## ACTION ITEM
Although the entries contain pictures, copy only their text, exactly as written.

## RECORDS PROVIDED
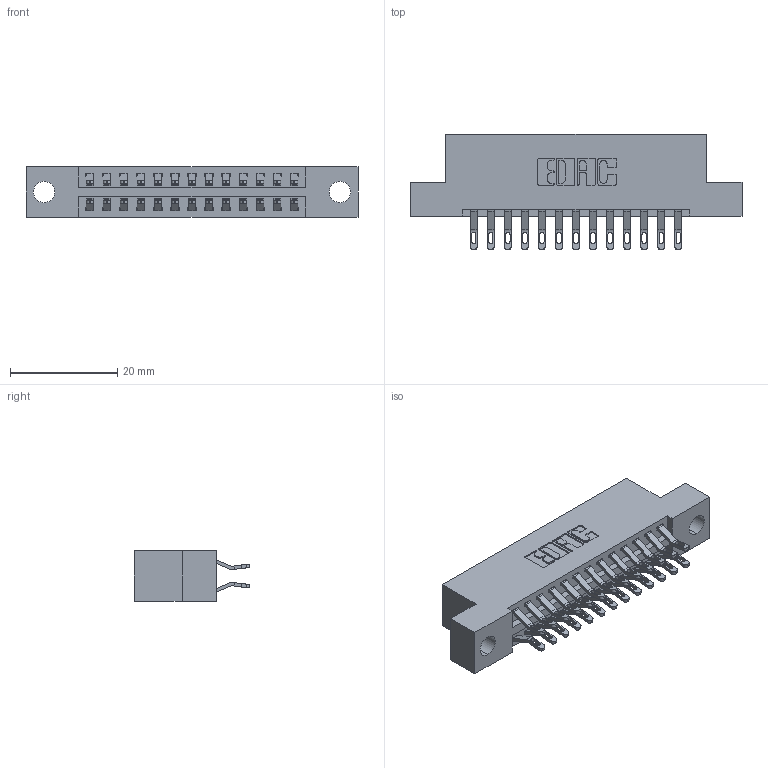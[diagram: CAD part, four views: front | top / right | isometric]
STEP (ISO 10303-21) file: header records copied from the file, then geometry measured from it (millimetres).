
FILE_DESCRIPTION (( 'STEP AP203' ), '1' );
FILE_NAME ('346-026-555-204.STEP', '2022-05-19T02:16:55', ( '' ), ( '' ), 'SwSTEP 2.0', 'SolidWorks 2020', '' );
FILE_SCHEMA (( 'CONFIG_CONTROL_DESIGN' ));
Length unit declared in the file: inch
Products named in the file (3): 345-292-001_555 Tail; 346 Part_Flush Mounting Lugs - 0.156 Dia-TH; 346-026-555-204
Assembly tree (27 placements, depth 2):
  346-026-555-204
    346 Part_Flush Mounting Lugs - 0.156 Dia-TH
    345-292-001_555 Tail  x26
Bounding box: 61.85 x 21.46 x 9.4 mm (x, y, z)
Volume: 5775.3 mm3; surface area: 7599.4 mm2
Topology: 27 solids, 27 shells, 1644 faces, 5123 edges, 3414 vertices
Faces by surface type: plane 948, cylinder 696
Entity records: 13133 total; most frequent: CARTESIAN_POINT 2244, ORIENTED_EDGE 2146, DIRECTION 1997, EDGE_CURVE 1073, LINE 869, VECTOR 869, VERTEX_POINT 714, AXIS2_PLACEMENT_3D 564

## YOUR SOLUTION
[diagram: CAD part, four views: front | top / right | isometric]
STEP (ISO 10303-21) file: header records copied from the file, then geometry measured from it (millimetres).
FILE_DESCRIPTION (( 'STEP AP203' ), '1' );
FILE_NAME ('346-026-555-204.STEP', '2022-05-19T02:16:55', ( '' ), ( '' ), 'SwSTEP 2.0', 'SolidWorks 2020', '' );
FILE_SCHEMA (( 'CONFIG_CONTROL_DESIGN' ));
Length unit declared in the file: inch
Products named in the file (3): 345-292-001_555 Tail; 346 Part_Flush Mounting Lugs - 0.156 Dia-TH; 346-026-555-204
Assembly tree (27 placements, depth 2):
  346-026-555-204
    346 Part_Flush Mounting Lugs - 0.156 Dia-TH
    345-292-001_555 Tail  x26
Bounding box: 61.85 x 21.46 x 9.4 mm (x, y, z)
Volume: 5775.3 mm3; surface area: 7599.4 mm2
Topology: 27 solids, 27 shells, 1644 faces, 5123 edges, 3414 vertices
Faces by surface type: plane 948, cylinder 696
Entity records: 13133 total; most frequent: CARTESIAN_POINT 2244, ORIENTED_EDGE 2146, DIRECTION 1997, EDGE_CURVE 1073, LINE 869, VECTOR 869, VERTEX_POINT 714, AXIS2_PLACEMENT_3D 564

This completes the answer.